Judikatur kompaktBearbeiter: Univ.-Prof. i. R. Dr. Andreas KonecnyZIK 2025/272ZIK 2025, 245 Heft 6 v. 17.12.2025

IO: § 81 Abs 3, §§ 124, 124a

ABGB: §§ 1304, 1489

Der Insolvenzverwalter haftet allen Beteiligten für Vermögensnachteile, die durch pflichtwidrige Führung seines Amtes verursacht wurden.
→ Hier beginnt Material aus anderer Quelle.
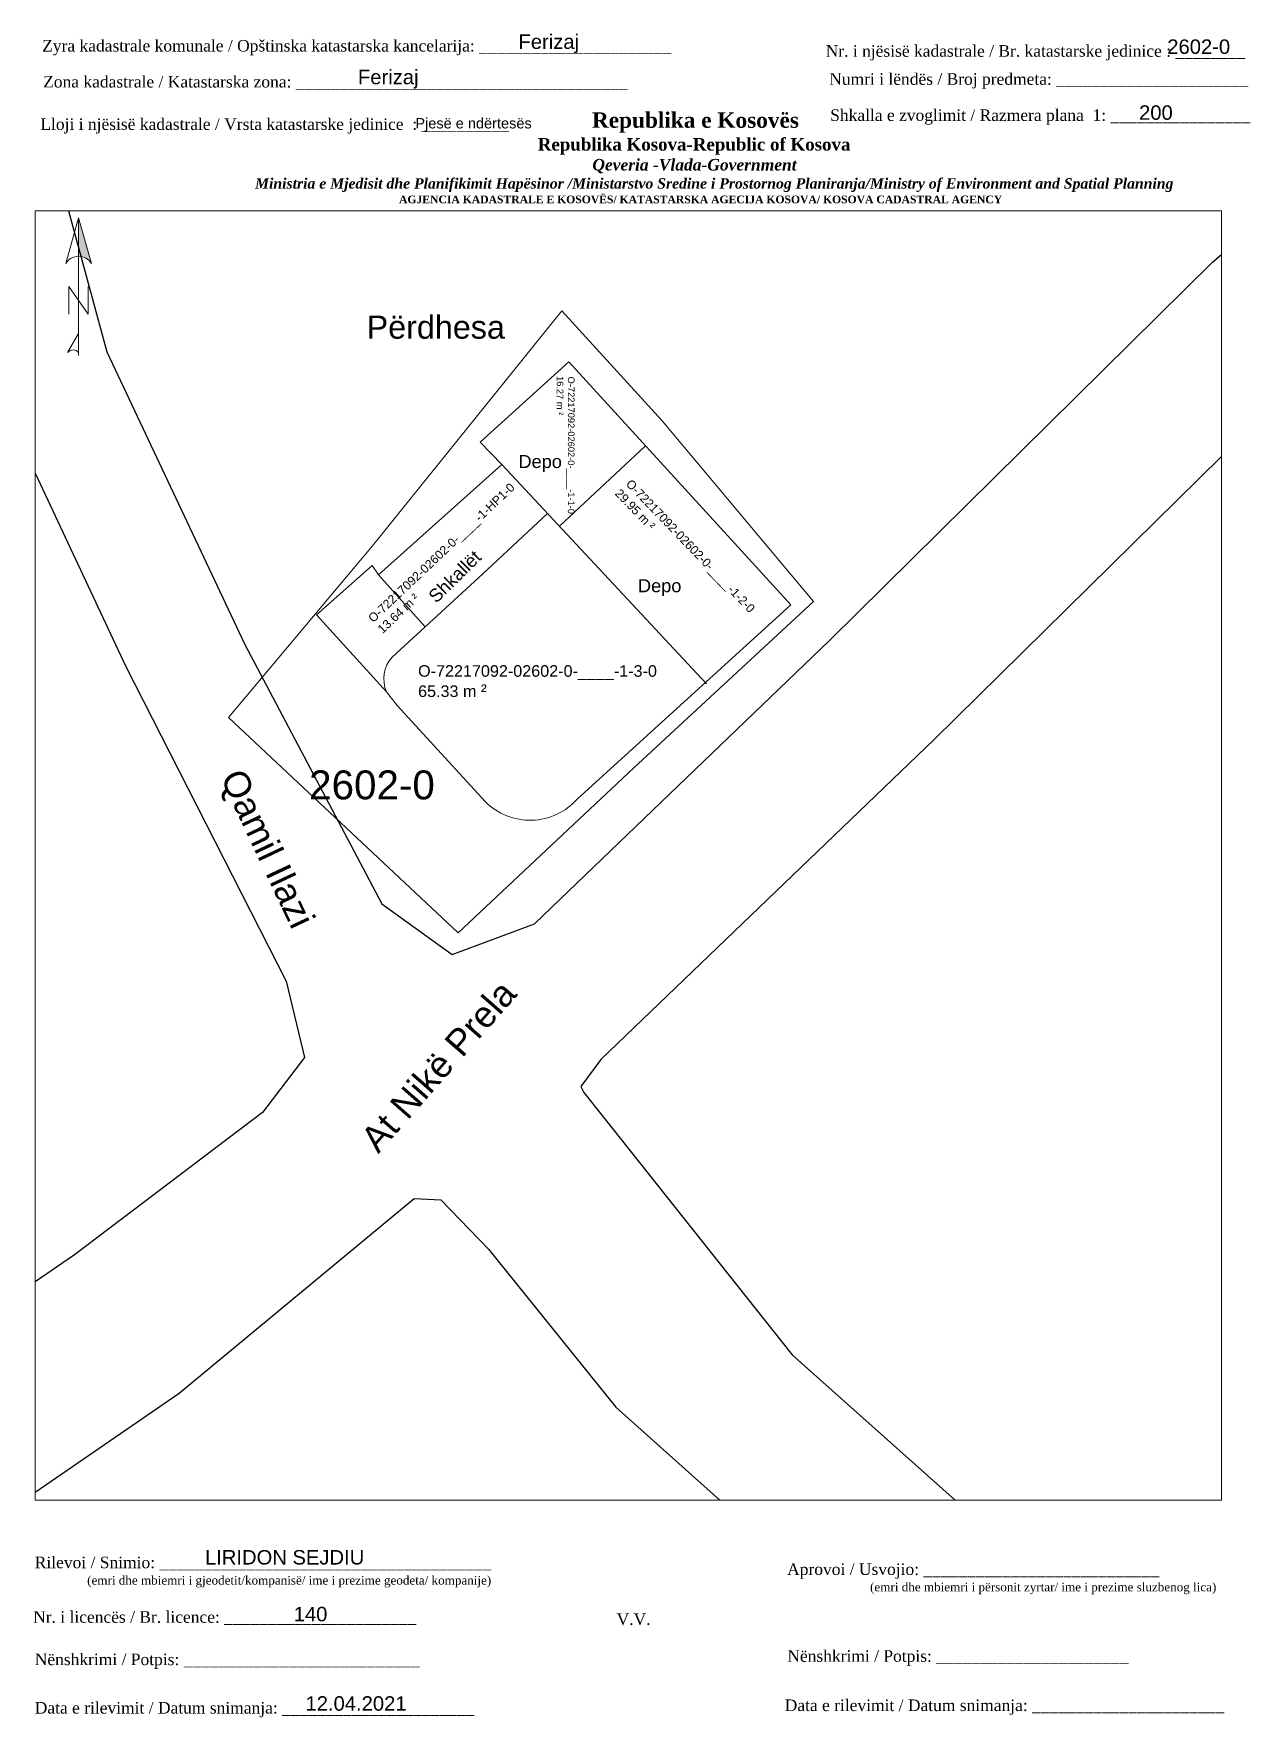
# Paper-space layout 'Perdhesa' of a CAD drawing. Header units: metres, sheet in millimetres. Extents: x 0 to 211, y 0 to 291.
# The model-space entities are those that its viewports show. They can reach past a viewport. Long polylines and large blocks are cut down to what shows.
import ezdxf
from ezdxf.enums import TextEntityAlignment as Align

# ---------------------------------------------------------------- set-up
doc = ezdxf.new("R2010")
doc.units = ezdxf.units.M
doc.layers.get('0').update_dxf_attribs({"lineweight": 0})
for name, color, linetype in [('Asfallt', 8, 'Continuous'), ('Etazha', 7, 'Continuous'), ('Nr Parceles Baze', 7, 'Continuous')]:
    doc.layers.add(name, color=color, linetype=linetype)
for name, color, linetype, lineweight in [('emrat e rrugeve', 7, 'Continuous', 0), ('kati 0', 7, 'Continuous', 0), ('Korniza e jashtme', 7, 'Continuous', 0), ('Korniza e jashtme txt', 7, 'Continuous', 0), ('Njesi', 7, 'Continuous', 0), ('Parcela baze', 7, 'Continuous', 0)]:
    doc.layers.add(name, color=color, linetype=linetype, lineweight=lineweight)
doc.styles.get("Standard").update_dxf_attribs({"font": 'arial.ttf'})

# ---------------------------------------------------------------- blocks, each defined once
blk = doc.blocks.new('*U62')
at = {"linetype": 'ByBlock', "lineweight": -2}
blk.add_hatch(color=0, dxfattribs=at).paths.add_polyline_path([(0, 562), (0, 301, -0.269143), (87, 250)])
at = {"color": 0, "linetype": 'ByBlock', "lineweight": -2}
for points in [[(87, 250, 0.580323), (-87, 250), (0, 562), (87, 250), (0, 562), (0, 300)], [(0, -356, 0.5), (-75, -356), (0, -225)]]:
    blk.add_lwpolyline(points, format="xyb", dxfattribs=at)
for points in [[(0, -375), (0, 562)], [(-66, -94), (-66, 94), (66, -94), (66, 94)]]:
    blk.add_lwpolyline(points, dxfattribs=at)

msp = doc.modelspace()

# ---------------------------------------------------------------- linework, layer by layer
at = {"layer": 'Asfallt'}
for points, elevation in [([(7513112.553, 4691749.169), (7513119.586, 4691723.213), (7513124.365, 4691713.098), (7513129.1, 4691704.123), (7513131.532, 4691702.371), (7513134.384, 4691703.44), (7513144.601, 4691713.246), (7513157.838, 4691726.317), (7513179.927, 4691745.411)], 574.59), ([(7513108.735, 4691748.134), (7513115.96, 4691721.468), (7513120.229, 4691712.364), (7513125.791, 4691701.453), (7513126.424, 4691698.811), (7513124.972, 4691696.911), (7513118.464, 4691691.986), (7513101.197, 4691680.127)], 574.641), ([(7513183.203, 4691741.621), (7513161.27, 4691722.668), (7513148.195, 4691709.801), (7513136.672, 4691698.744), (7513135.986, 4691697.808), (7513136.091, 4691697.604), (7513143.3, 4691688.534), (7513163.15, 4691670.785)], 575.009), ([(7513104.59, 4691675.186), (7513122.085, 4691687.202), (7513130.218, 4691693.937), (7513131.144, 4691693.888), (7513132.795, 4691692.189), (7513137.197, 4691686.719), (7513159.536, 4691666.744)], 574.229)]:
    msp.add_lwpolyline(points, dxfattribs=dict(at, elevation=elevation))
at = {"layer": 'kati 0', "elevation": 620.112, "flags": 128}
msp.add_lwpolyline([(7513129.257, 4691711.459), (7513129.63, 4691710.985), (7513132.685, 4691707.655, 0.429243), (7513135.857, 4691707.745), (7513143.253, 4691714.464), (7513135.568, 4691722.874), (7513132.501, 4691720.099), (7513133.257, 4691719.323), (7513128.986, 4691715.505), (7513128.764, 4691715.831), (7513126.84, 4691714.119)], format="xyb", close=True, dxfattribs=at)
at = {"layer": 'Njesi', "elevation": 620.112, "flags": 128}
for points in [[(7513135.25, 4691717.187), (7513138.227, 4691719.964)], [(7513140.331, 4691711.739), (7513133.257, 4691719.323)], [(7513128.986, 4691715.505), (7513130.596, 4691713.706)]]:
    msp.add_lwpolyline(points, dxfattribs=at)
msp.add_lwpolyline([(7513129.257, 4691711.459, -0.288896), (7513129.454, 4691712.656), (7513130.596, 4691713.706), (7513132.594, 4691715.539), (7513134.833, 4691717.627)], format="xyb", dxfattribs=at)
at = {"layer": 'Parcela baze', "linetype": 'Continuous', "elevation": 574.793}
msp.add_lwpolyline([(7513137.819, 4691708.828), (7513144.039, 4691714.578), (7513138.8, 4691720.827), (7513135.33, 4691724.637), (7513128.779, 4691716.508), (7513123.799, 4691710.569), (7513131.739, 4691703.129), (7513137.819, 4691708.828)], close=True, dxfattribs=at)

# ---------------------------------------------------------------- texts
at = {"layer": 'emrat e rrugeve'}
for s, rotation, p in [('Qamil Ilazi', 295.24245, (7513125.161, 4691706.038)), ('At Nikë Prela', 48.75369, (7513131.056, 4691698.517))]:
    msp.add_text(s, height=0.9, rotation=rotation, dxfattribs=at).set_placement(p, align=Align.MIDDLE_CENTER)
at = {"layer": 'Etazha'}
for s, height, p in [('Përdhesa', 0.8, (7513128.574, 4691723.673)), ('Depo', 0.45, (7513133.827, 4691719.2)), ('Depo', 0.45, (7513137.961, 4691714.904))]:
    msp.add_text(s, height=height, dxfattribs=at).set_placement(p)
for s, height, rotation, p in [('16.27 m ²', 0.23, 269.98327, (7513135.152, 4691722.382)), ('O-72217092-02602-0-____-1-1-0', 0.23, 269.98327, (7513135.537, 4691722.362)), ('O-72217092-02602-0-____-1-2-0', 0.3, 313.94092, (7513137.521, 4691718.63)), ('O-72217092-02602-0-____-1-HP1-0', 0.3, 43.41502, (7513128.8, 4691713.835)), ('29.95 m ²', 0.3, 313.94092, (7513137.142, 4691718.3)), ('Shkallët', 0.45, 44.50016, (7513130.983, 4691714.503)), ('13.64 m ²', 0.3, 43.41502, (7513129.126, 4691713.454))]:
    msp.add_text(s, height=height, rotation=rotation, dxfattribs=at).set_placement(p)
at = {"layer": 'Etazha', "insert": (7513130.354, 4691712.381), "char_height": 0.4, "width": 9.33458, "attachment_point": 1}
msp.add_mtext('O-72217092-02602-0-____-1-3-0 65.33 m {\\H1.0833x;²}', dxfattribs=at)
at = {"layer": 'Nr Parceles Baze'}
msp.add_text('2602-0', height=1, dxfattribs=at).set_placement((7513128.759, 4691708.241, -45.319), align=Align.MIDDLE_CENTER)

psp = doc.layouts.new('Perdhesa')

# ---------------------------------------------------------------- block references
at = {"xscale": 0.0254, "yscale": 0.0254, "zscale": 0.0254}
psp.add_blockref('*U62', (7.95, 245.33), dxfattribs=at)

# ---------------------------------------------------------------- texts
at = {"layer": 'Korniza e jashtme txt'}
for s, p in [('LIRIDON SEJDIU', (29.81, 26.72)), (' 140', (44.19, 16.9)), ('12.04.2021', (47.2, 1.44))]:
    psp.add_text(s, height=2.5, dxfattribs=at).set_placement(p)
for s, insert, char_height, width, attachment_point in [('Ferizaj', (84.04, 291.31), 2.5, 19.3474, 1), ('{\\fTimes New Roman|b0|i0|c0|p18; Zyra kadastrale komunale / Opštinska katastarska kancelarija: ______________________}', (0.89, 290.36), 2, 114.6874, 1), ('{\\fTimes New Roman|b0|i0|c0|p18;Nr. i njësisë kadastrale / Br. katastarske jedinice : ________}', (137.18, 289.46), 2, 98.5379, 1), ('2602-0', (196.26, 290.45), 2.5, 23.5616, 1), ('Ferizaj', (56.27, 285.2), 2.5, 40.037, 1), ('{\\fTimes New Roman|b0|i0|c0|p18; Zona kadastrale / Katastarska zona: ______________________________________}', (1.06, 284.14), 2, 101.8807, 1), ('{\\fTimes New Roman|b0|i0|c0|p18; Numri i lëndës / Broj predmeta: ______________________}', (137.03, 284.61), 2, 83.344, 1), ('{\\fTimes New Roman|b0|i0|c0|p18; Lloji i njësisë kadastrale / Vrsta katastarske jedinice  : __________ }', (0.58, 276.81), 2, 108.0893, 1), ('\\pi77.297;{\\fBook Antiqua|b1|i0|c0|p18;\\H1.333x;Republika e Kosovës\\fTimes New Roman|b1|i0|c0|p18;\\P\\pi67.927;\\fBook Antiqua|b1|i0|c0|p18;\\H0.8125x;Republika Kosova-Republic of Kosova\\fTimes New Roman|b1|i0|c0|p18;\\P\\pi77.378;\\fBook Antiqua|b1|i1|c0|p18;\\H0.9233x;Qeveria -Vlada-Government \\P\\pi13.032,l6,t23.033;\\fTimes New Roman|b1|i1|c0|p18;\\H0.9x;Ministria e Mjedisit dhe Planifikimit Hapësinor /Ministarstvo Sredine i Prostornog Planiranja/Ministry of Environment and Spatial Planning\\P\\pi43.931,l0,tz;\\fBook Antiqua|b1|i0|c0|p18;\\H0.7406x;AGJENCIA KADASTRALE E KOSOVËS/ KATASTARSKA AGECIJA KOSOVA/ KOSOVA CADASTRAL AGENCY}', (19.44, 277.84), 2, 191.8237, 1), ('Pjesë e ndërtesës', (66.2, 276.86), 1.8, 22.3764, 1), ('{\\fTimes New Roman|b0|i0|c0|p18; Shkalla e zvoglimit / Razmera plana  1: ________________}', (137.2, 278.36), 2, 98.5379, 1), ('200', (191.38, 279.05), 2.5, 19.3474, 1), ('{\\fTimes New Roman|b0|i0|c0|p18; Rilevoi / Snimio: ______________________________________\\P             \\H0.75x;(emri dhe mbiemri i gjeodetit/kompanisë/ ime i prezime geodeta/ kompanije)}', (-0.39, 28.08), 2, 87.3883, 1), ('{\\fTimes New Roman|b0|i0|c0|p18; Aprovoi / Usvojio: ___________________________\\P                    \\H0.75x;(emri dhe mbiemri i përsonit zyrtar/ ime i prezime sluzbenog lica)}', (129.75, 26.91), 2, 83.344, 1), ('{\\fTimes New Roman|b0|i0|c0|p18; Nr. i licencës / Br. licence: ______________________\\P                                }', (-0.67, 18.65), 2, 83.344, 1), ('{\\fTimes New Roman|b0|i0|c0|p18;V.V.                                 }', (101.01, 18.27), 2, 9.4297, 1), ('{\\fTimes New Roman|b0|i0|c0|p18; Nënshkrimi / Potpis: ______________________\\P                                 }', (189.53, 11.9), 2, 83.344, 3), ('{\\fTimes New Roman|b0|i0|c0|p18; Nënshkrimi / Potpis: ___________________________\\P                                 }', (-0.39, 11.32), 2, 83.344, 1), ('{\\fTimes New Roman|b0|i0|c0|p18; Data e rilevimit / Datum snimanja: ______________________\\P                                 }', (-0.39, 2.94), 2, 83.344, 1), ('{\\fTimes New Roman|b0|i0|c0|p18; Data e rilevimit / Datum snimanja: ______________________\\P                                 }', (206.1, 3.38), 2, 83.344, 3)]:
    psp.add_mtext(s, dxfattribs=dict(at, insert=insert, char_height=char_height, width=width, attachment_point=attachment_point))

# ---------------------------------------------------------------- viewports
at = {"layer": 'Korniza e jashtme', "view_target_point": (7499131.095, 4689980.516), "view_twist_angle": 360}
psp.add_viewport(center=(103.03, 149.32), size=(205.19, 222.973), view_center_point=(14006.531, 1725.281), view_height=44.5946, dxfattribs=at)

doc.saveas('drawing.dxf')

Zu seiner Tätigkeit gehört ua, dass er eine Masseforderung begleicht, wenn sie feststeht und fällig ist. Dann hat er außer bei Masseunzulänglichkeit den Massegläubiger zu befriedigen, ohne in irgendeiner Weise auf den Stand des Insolvenzverfahrens Rücksicht zu nehmen. Er darf die Zahlung nicht verzögern oder gar deshalb zurückhalten, weil ansonsten voraussichtlich zu wenig Geld zur Befriedigung seiner eigenen, noch nicht fälligen Entlohnungsansprüche vorhanden sein wird. Keine Haftung begründet es jedoch, wenn der Insolvenzverwalter die Masseforderung überprüft, als unberechtigt qualifiziert und daher nicht zahlt. Es ist dann Sache des Massegläubigers, die Forderung geltend zu machen, widrigenfalls ihn ein Alleinverschulden infolge Sorglosigkeit in eigener Sache treffen kann.